I am therefore of opinion that the learned trial judge did not misdirect himself on the question of law. There remains the question of fact: did the respondent, in throwing the spike as he did though aware of the proximity of the appellant, do anything which a reasonable boy of his age would not have done in the circumstances-a boy, that is to say, who possessed and exercised such degree of foresight and prudence as is ordinarily to be expected of a boy of twelve, holding in his hand a sharpened spike and seeing the post of a tree-guard before him? On the findings which must be accepted, what the respondent did was the unpremeditated, impulsive act of a boy not yet of an age to have an adult's realization of the danger of edged tools or an adult's wariness in the handling of them. It is, I think, a matter for judicial notice that the ordinary boy of twelve suffers from a feeling that a piece of wood and a sharp instrument have a special affinity. To expect a boy of that age to consider before throwing the spike whether the timber was hard or soft, to weigh the chances of being able to make the spike stick in the post, and to foresee that it might glance off and hit the girl, would be, I think, to expect a degree of sense and circumspection which nature ordinarily withholds till life has become less rosy.

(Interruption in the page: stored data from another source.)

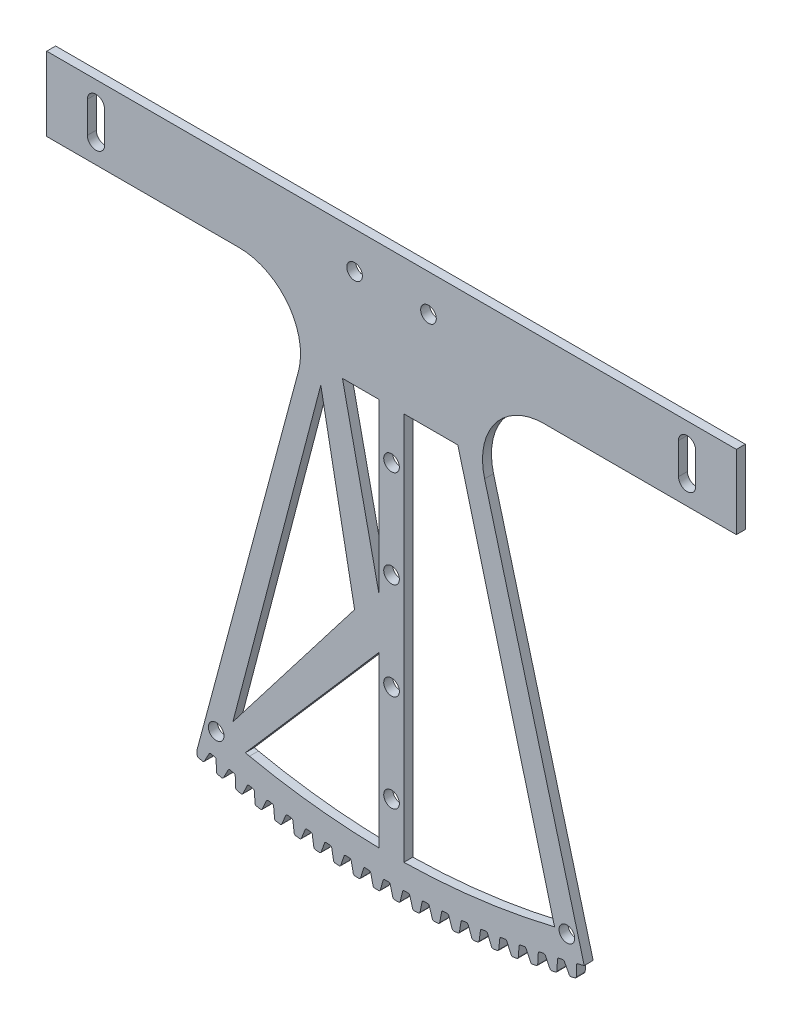
SolidWorks part; units mm, degrees
material "Maple"
ref_plane "Front Plane" through (0, 0, 0) normal (0, 0, 1) x (1, 0, 0)
ref_plane "Top Plane" through (0, 0, 0) normal (0, 1, 0) x (1, 0, 0)
ref_plane "Right Plane" through (0, 0, 0) normal (1, 0, 0) x (0, 0, -1)
sketch "Sketch3" plane through (0, 0, 0) normal (0, 0, 1) x (1, 0, 0)
  line L0 (0, 0) -> (0, -304.8) construction
  line L1 (-21.234, -79.2464) -> (-78.888, -294.4142)
  line L2 (21.234, -79.2464) -> (78.888, -294.4142)
  line L4 (-140, -79.56) -> (140, -79.56)
  line L5 (-140, -79.56) -> (-140, -109.56)
  line L6 (-140, -109.56) -> (140, -109.56)
  line L7 (140, -79.56) -> (140, -109.56)
  line L8 (0, -109.56) -> (0, -79.56) construction
  line L9 (-140, -94.56) -> (140, -94.56) construction
  arc A0 (-78.888, -294.4142) -> (78.888, -294.4142) centre (0, 0) ccw
  point P269 (0, -94.56)
  dimension "D1" = 304.8
  dimension "D4" = 79.56
  dimension "D5" = 30
  dimension "D6" = 280
  dimension "D7" = 140
extrude "Boss-Extrude2" add sketch "Sketch3" along normal blind 3.6286 contours L7 L4 L2 L6 | L1 L6 L2 L4 | L1 L4 L2 | L5 L6 L1 L4 | L1 A0 L2 L6 region at (0, -95.3531, 0) region at (-82.6452, -94.3847, 0) region at (0, -220.3694, 0) region at (82.6452, -94.3847, 0)
fillet "Fillet1" radius 25 2 edges at (-29.3565, -109.56, 1.8143) (29.3565, -109.56, 1.8143)
sketch "Sketch4" plane through (0, -79.56, 0) normal (0, 1, 0) x (1, 0, 0)
  line L1 (-140, 0) -> (140, 0)
  line L2 (-140, 0) -> (-140, -3.6286)
  line L3 (-140, -3.6286) -> (140, -3.6286)
  line L4 (140, 0) -> (140, -3.6286)
  line L5 (0, -3.6286) -> (0, 0) construction
  line L6 (-140, -1.8143) -> (140, -1.8143) construction
  point P252 (0, -1.8143)
sketch "Sketch5" plane through (0, 0, 0) normal (0, 0, -1) x (-1, 0, 0)
  line L0 (-123.5, -94.56) -> (-123.5, -100.91)
  line L1 (-116.5, -94.56) -> (-116.5, -100.91)
  line L2 (116.5, -94.56) -> (116.5, -88.21)
  line L3 (140, -79.56) -> (-140, -79.56) construction
  line L4 (-120, -88.21) -> (-120, -100.91) construction
  line L5 (0, -79.56) -> (0, -109.56) construction
  line L6 (-116.5, -94.56) -> (-116.5, -88.21)
  line L7 (-123.5, -94.56) -> (-123.5, -88.21)
  line L8 (116.5, -94.56) -> (116.5, -100.91)
  line L9 (123.5, -94.56) -> (123.5, -100.91)
  line L10 (123.5, -94.56) -> (123.5, -88.21)
  line L11 (-140, -79.56) -> (-140, -109.56) construction
  line L12 (120, -88.21) -> (120, -100.91) construction
  arc A1 (-116.5, -88.21) -> (-123.5, -88.21) centre (-120, -88.21) ccw
  arc A2 (-123.5, -100.91) -> (-116.5, -100.91) centre (-120, -100.91) ccw
  arc A3 (123.5, -100.91) -> (116.5, -100.91) centre (120, -100.91) cw
  arc A4 (116.5, -88.21) -> (123.5, -88.21) centre (120, -88.21) cw
  circle A5 centre (-15, -94.56) radius 3.175
  circle A6 centre (15, -94.56) radius 3.175
  dimension "D1" = 16.5
  dimension "D2" = 7
  dimension "D3" = 8.65
  dimension "D5" = 3.5
  dimension "D6" = 15
  dimension "D8" = 6.35
  dimension "D4" = 6.35
  dimension "D7" = 15
sketch "Sketch13" plane through (0, 0, 0) normal (0, 0, -1) x (-1, 0, 0)
  line L0 (0, 0) -> (78.888, -294.4142)
  line L1 (0, 0) -> (-78.888, -294.4142)
  arc A0 (-78.888, -294.4142) -> (78.888, -294.4142) centre (0, 0) ccw
  arc A1 (-78.888, -294.4142) -> (78.888, -294.4142) centre (0, 0) ccw construction
  arc A2 (-78.888, -294.4142) -> (78.888, -294.4142) centre (0, 0) ccw
  circle A3 centre (0, 0) radius 304.8
  dimension "D1" = 609.6
sketch "Sketch14" plane through (0, 0, 0) normal (0, 0, -1) x (-1, 0, 0)
  line L0 (0, 0) -> (80.0203, -298.6399) construction
  line L2 (78.888, -294.4142) -> (78.9109, -297.0369)
  line L3 (78.9109, -297.0369) -> (76.2891, -297.7211)
  line L18 (76.2891, -297.7211) -> (75.0275, -295.4216)
  line L20 (0, 0) -> (-79.2746, -295.8555) construction
  line L32 (78.888, -294.4142) -> (75.0275, -295.4216)
  line L33 (75.0275, -295.4216) -> (78.888, -294.4142)
  line L34 (0, 0) -> (-75.3952, -296.8678) construction
  line L35 (0, 0) -> (-71.5028, -297.8293) construction
  line L36 (0, 0) -> (-67.5982, -298.7397) construction
  line L37 (0, 0) -> (-63.6821, -299.5989) construction
  line L38 (0, 0) -> (-59.755, -300.4068) construction
  line L39 (0, 0) -> (-55.8176, -301.1633) construction
  line L40 (0, 0) -> (-51.8707, -301.8681) construction
  line L41 (0, 0) -> (-47.9149, -302.5212) construction
  line L42 (0, 0) -> (-43.951, -303.1225) construction
  line L43 (0, 0) -> (-39.9794, -303.6718) construction
  line L44 (0, 0) -> (-36.0011, -304.1691) construction
  line L45 (0, 0) -> (-32.0165, -304.6143) construction
  line L46 (0, 0) -> (-28.0265, -305.0073) construction
  line L47 (0, 0) -> (-24.0316, -305.348) construction
  line L48 (0, 0) -> (-20.0327, -305.6364) construction
  line L49 (0, 0) -> (-16.0303, -305.8724) construction
  line L50 (0, 0) -> (-12.0252, -306.0561) construction
  line L51 (0, 0) -> (-8.018, -306.1873) construction
  line L52 (0, 0) -> (-4.0094, -306.266) construction
  line L53 (0, 0) -> (-0.0002, -306.2922) construction
  line L54 (0, 0) -> (4.0091, -306.266) construction
  line L55 (0, 0) -> (8.0176, -306.1873) construction
  line L56 (0, 0) -> (12.0248, -306.0561) construction
  line L57 (0, 0) -> (16.03, -305.8725) construction
  line L58 (0, 0) -> (20.0323, -305.6364) construction
  line L59 (0, 0) -> (24.0313, -305.348) construction
  line L60 (0, 0) -> (28.0261, -305.0073) construction
  line L61 (0, 0) -> (32.0162, -304.6143) construction
  line L62 (0, 0) -> (36.0007, -304.1691) construction
  line L63 (0, 0) -> (39.9791, -303.6719) construction
  line L64 (0, 0) -> (43.9506, -303.1225) construction
  line L65 (0, 0) -> (47.9146, -302.5213) construction
  line L66 (0, 0) -> (51.8704, -301.8682) construction
  line L67 (0, 0) -> (55.8173, -301.1633) construction
  line L68 (0, 0) -> (59.7546, -300.4069) construction
  line L69 (0, 0) -> (63.6817, -299.599) construction
  line L70 (0, 0) -> (67.5979, -298.7398) construction
  line L71 (0, 0) -> (71.5025, -297.8293) construction
  line L72 (0, 0) -> (75.3948, -296.8679) construction
  line L73 (0, 0) -> (-79.2746, -295.8555) construction
  line L74 (0, 0) -> (-75.3952, -296.8678) construction
  line L137 (37.789, -141.0305) -> (78.888, -294.4142) construction
  line L138 (-140, -79.56) -> (-140, -109.56)
  line L139 (-140, -109.56) -> (-61.9371, -109.56)
  line L140 (-37.789, -141.0305) -> (-78.888, -294.4142)
  line L141 (78.888, -294.4142) -> (37.789, -141.0305)
  line L142 (61.9371, -109.56) -> (140, -109.56)
  line L143 (140, -109.56) -> (140, -79.56)
  line L144 (140, -79.56) -> (-140, -79.56)
  line L145 (-140, -79.56) -> (-140, -109.56)
  line L146 (-140, -109.56) -> (-61.9371, -109.56)
  line L147 (-37.789, -141.0305) -> (-78.888, -294.4142)
  line L149 (61.9371, -109.56) -> (140, -109.56)
  line L150 (140, -109.56) -> (140, -79.56)
  line L151 (140, -79.56) -> (-140, -79.56)
  circle A0 centre (0, 0) radius 307.34
  circle A1 centre (0, 0) radius 302.26
  arc A3 (-37.789, -141.0305) -> (-61.9371, -109.56) centre (-61.9371, -134.56) ccw
  arc A5 (61.9371, -109.56) -> (37.789, -141.0305) centre (61.9371, -134.56) ccw
  arc A6 (-37.789, -141.0305) -> (-61.9371, -109.56) centre (-61.9371, -134.56) ccw
  arc A8 (61.9371, -109.56) -> (37.789, -141.0305) centre (61.9371, -134.56) ccw
  arc A11 (-78.888, -294.4142) -> (78.888, -294.4142) centre (0, 0) ccw
  arc A12 (-78.888, -294.4142) -> (78.888, -294.4142) centre (0, 0) ccw
  arc M181 (-78.888, -294.4142) -> (78.888, -294.4142) centre (0, 0) ccw
  dimension "D5" = 614.68
  dimension "D6" = 30
  dimension "D7" = 40
  dimension "D4" = 604.52
  dimension "D1" = 14.5
  dimension "D3" = 14.5
  dimension "D8" = 0.75
  dimension "D9" = 306.2922
  dimension "D10" = 0.75
  dimension "D2" = 0
extrude "Boss-Extrude4" add sketch "Sketch14" against normal up to surface (3.6286 mm away) contours L2 M181 region at (-77.2591, -296.0724, 0) up to face at (0, -146.6727, 3.6286)
sketch "Sketch15" plane through (0, 0, 0) normal (1, 0, 0) x (0, 0, -1)
  line L0 (0, 0) -> (-23.3364, 0) construction
sketch "Sketch16" plane through (0, 0, 0) normal (0, 0, -1) x (-1, 0, 0)
  line L0 (75.0275, -295.4216) -> (73.7653, -293.1208)
  line L1 (73.7653, -293.1208) -> (71.1999, -293.7544)
  line L2 (71.1999, -293.7544) -> (71.1541, -296.3784)
  line L3 (0, 0) -> (71.5025, -297.8293) construction
  line L4 (0, 0) -> (75.3948, -296.8679) construction
  circle A0 centre (0, 0) radius 302.26 construction
  arc A1 (-78.888, -294.4142) -> (78.888, -294.4142) centre (0, 0) ccw construction
  dimension "D1" = 14.5
  dimension "D2" = 14.5
extrude "Cut-Extrude2" cut sketch "Sketch16" against normal through all and the other way through all
fillet "Fillet2" radius 0.7 2 edges at (-76.2891, -297.7211, 1.8143) (-78.9109, -297.0369, 1.8143)
pattern_circular "CirPattern8" count 20 every 1.5 about axis through (0, 0, 0) along (0, 0, 1) of "Cut-Extrude2", "Boss-Extrude4", "Fillet2"
extrude "Cut-Extrude3" cut sketch "Sketch5" against normal through all
sketch "Sketch17" plane through (0, 0, 0) normal (0, 0, -1) x (-1, 0, 0)
  line L0 (0, -79.56) -> (0, -134.56) construction
  line L1 (140, -79.56) -> (-140, -79.56) construction
  line L2 (-61.9371, -109.56) -> (61.9371, -109.56) construction
  line L3 (-36.9371, -134.56) -> (-26.9371, -134.56) construction
  line L4 (-36.9371, -134.56) -> (-26.9371, -134.56) construction
  line L5 (-26.9371, -134.56) -> (-66.1944, -284.3612) construction
  line L6 (-66.1944, -284.3612) -> (-76.1944, -284.3612) construction
  line L7 (0, -292.2593) -> (5, -292.2593) construction
  line L8 (-37.789, -141.0305) -> (-78.888, -294.4142) construction
  line L9 (0, -134.56) -> (-5, -134.56) construction
  line L10 (0, -134.56) -> (5, -134.56) construction
  line L11 (26.9371, -134.56) -> (36.9371, -134.56) construction
  line L12 (-5, -134.56) -> (-5, -292.2593) construction
  line L13 (36.9371, -134.56) -> (26.9371, -134.56) construction
  line L14 (26.9371, -134.56) -> (66.1944, -284.3612) construction
  line L15 (66.1944, -284.3612) -> (76.1944, -284.3612) construction
  line L16 (37.789, -141.0305) -> (78.888, -294.4142) construction
  line L17 (0.6571, -302.2593) -> (-3.5916, -302.2593) construction
  line L18 (-5, -134.56) -> (5, -134.56) construction
  line L19 (-3.5916, -292.2593) -> (-5, -292.2593) construction
  line L20 (5, -134.56) -> (5, -292.2593) construction
  line L21 (-3.5916, -302.2593) -> (-3.5916, -292.2593) construction
  line L22 (0, -193.6972) -> (0, -233.1221) construction
  line L23 (64.4199, -277.5899) -> (15, -213.4096)
  line L24 (-66.1944, -284.3612) -> (-68.6354, -294.3612) construction
  line L25 (-67.3487, -294.6613) -> (-69.9221, -294.0612) construction
  line L26 (71.1999, -293.7544) -> (66.067, -294.9513) construction
  line L27 (66.1944, -284.3612) -> (68.6335, -294.3529) construction
  line L28 (26.9371, -134.56) -> (66.1944, -284.3612)
  line L29 (26.9371, -134.56) -> (5, -134.56)
  line L30 (5, -134.56) -> (5, -292.2593)
  line L31 (-66.1944, -284.3612) -> (-26.9371, -134.56)
  line L32 (-26.9371, -134.56) -> (-5, -134.56)
  line L33 (-5, -134.56) -> (-5, -292.2593)
  line L34 (15, -213.4096) -> (28.7117, -141.3313)
  line L35 (66.1944, -284.3612) -> (57.6779, -286.2946)
  line L36 (66.1944, -284.3612) -> (64.4199, -277.5899) construction
  line L37 (5, -223.4096) -> (59.3729, -285.9321)
  line L41 (26.9371, -134.56) -> (28.7117, -141.3313) construction
  line L42 (26.9371, -134.56) -> (19.9371, -134.56) construction
  line L44 (28.7117, -141.3313) -> (26.9371, -134.56) construction
  line L47 (5, -203.4096) -> (19.9371, -134.56)
  circle A0 centre (0, -272.5469) radius 3.175
  arc A1 (61.9371, -109.56) -> (37.789, -141.0305) centre (61.9371, -134.56) ccw construction
  arc A2 (-37.789, -141.0305) -> (-61.9371, -109.56) centre (-61.9371, -134.56) ccw construction
  arc A3 (-66.1944, -284.3612) -> (-5, -292.2593) centre (0, -12.5018) ccw
  arc A4 (5, -292.2593) -> (66.1944, -284.3612) centre (0, -12.5018) ccw
  circle A5 centre (0, -233.1221) radius 3.175
  circle A6 centre (0, -193.6972) radius 3.175
  circle A7 centre (0, -154.2724) radius 3.175
  circle A8 centre (-71.1944, -284.3612) radius 3.175
  circle A9 centre (71.1944, -284.3612) radius 3.175
  arc A13 (19.9371, -134.56) -> (28.7117, -141.3313) centre (26.9371, -134.56) ccw construction
  arc A14 (19.9371, -134.56) -> (28.7117, -141.3313) centre (26.9371, -134.56) ccw construction
  arc A15 (-59.3729, -285.9321) -> (-64.4199, -277.5899) centre (-66.1944, -284.3612) ccw construction
  arc A16 (-64.4199, -277.5899) -> (-59.3729, -285.9321) centre (-66.1944, -284.3612) cw
  arc A17 (-5, -203.4096) -> (-5, -223.4096) centre (-5, -213.4096) ccw construction
  arc A18 (-28.7117, -141.3313) -> (-19.9371, -134.56) centre (-26.9371, -134.56) ccw construction
  arc A19 (5, -223.4096) -> (5, -203.4096) centre (5, -213.4096) ccw construction
  arc A20 (64.4199, -277.5899) -> (59.3729, -285.9321) centre (66.1944, -284.3612) ccw construction
  dimension "D13" = 6.35
  dimension "D14" = 6.35
  dimension "D15" = 10
  dimension "D16" = 7
  dimension "D17" = 7
  dimension "D20" = 7
  dimension "D21" = 10
  dimension "D22" = 7
  dimension "D18" = 7
  dimension "D1" = 10
  dimension "D2" = 5
  dimension "D3" = 10
  dimension "D4" = 10
  dimension "D5" = 5
  dimension "D6" = 5
  dimension "D7" = 10
  dimension "D8" = 10
  dimension "D9" = 5
  dimension "D10" = 10
  dimension "D11" = 157.6993
  dimension "D12" = 10
extrude "Cut-Extrude4" cut sketch "Sketch17" against normal through all contours L31 | L34 L23 L28 | L30 A4 L35 L37 | A3 L33 | L30 L47 L29 | L33 L32 | A6 | A7 | A5 | A0 | A9 | A8 region at (-36.0438, -210.777, 0) region at (-23.3567, -267.7722, 0) region at (-9.979, -157.5099, 0) region at (62.5855, -282.1856, 0) region at (27.141, -224.0716, 0) region at (0, -272.5469, 0) region at (0, -233.1221, 0) region at (0, -193.6972, 0) region at (0, -154.2724, 0) region at (71.1944, -284.3612, 0) region at (-71.1944, -284.3612, 0)
fillet "Fillet3" radius 0.7 39 edges at (75.039, -292.7973, 1.8143) (69.9221, -294.0612, 1.8143) (67.3487, -294.6613, 1.8143) (62.2005, -295.7908, 1.8143) (59.6123, -296.3233, 1.8143) (54.4363, -297.3177, 1.8143) (51.835, -297.7822, 1.8143) (46.6348, -298.6408, 1.8143) (44.0223, -299.037, 1.8143) (38.8013, -299.7592, 1.8143) (36.1793, -300.0869, 1.8143) (30.9412, -300.6722, 1.8143) (28.3115, -300.9312, 1.8143) (23.06, -301.3791, 1.8143) (20.4244, -301.5692, 1.8143) (15.1629, -301.8794, 1.8143) (12.5232, -302.0005, 1.8143) (7.2554, -302.1729, 1.8143) (4.6135, -302.2248, 1.8143) (-0.6571, -302.2593, 1.8143) (-3.2994, -302.242, 1.8143) (-8.5691, -302.1385, 1.8143) (-11.2101, -302.0521, 1.8143) (-16.4752, -301.8107, 1.8143) (-19.113, -301.6551, 1.8143) (-24.37, -301.276, 1.8143) (-27.0029, -301.0514, 1.8143) (-32.2482, -300.5348, 1.8143) (-34.8743, -300.2414, 1.8143) (-40.1042, -299.5877, 1.8143) (-42.7217, -299.2256, 1.8143) (-47.9327, -298.4352, 1.8143) (-50.5399, -298.0047, 1.8143) (-55.7284, -297.0782, 1.8143) (-58.3234, -296.5796, 1.8143) (-63.4859, -295.5176, 1.8143) (-66.067, -294.9513, 1.8143) (-71.1999, -293.7544, 1.8143) (-73.7653, -293.1208, 1.8143)
sketch "Sketch18" plane through (0, 0, 3.6286) normal (0, 0, 1) x (1, 0, 0)
  line L0 (37.789, -141.0305) -> (78.8881, -294.4142) construction
  line L1 (78.2307, -291.9607) -> (79.7629, -294.7684)
  line L2 (79.7629, -294.7684) -> (77.5958, -294.9491)
  line L3 (77.5958, -294.9491) -> (77.5958, -292.1301)
  arc A0 (77.5958, -292.1301) -> (78.2307, -291.9607) centre (0, 0) ccw
extrude "Cut-Extrude5" cut sketch "Sketch18" against normal blind 10
equation "\"D7@Sketch3\"=\"D6@Sketch3\"/2"

Sympathy with the injured girl is inevitable. One might almost wish that mediaeval thinking had led to a modern rule of absolute liability for harm caused. But it has not; and, in the absence of relevant statutory provision, children, like everyone else, must accept as they go about in society the risks from which ordinary care on the part of others will not suffice to save them. One such risk is that boys of twelve may behave as boys of twelve; and that, sometimes, is a risk indeed.
In my opinion the appeal should be dismissed.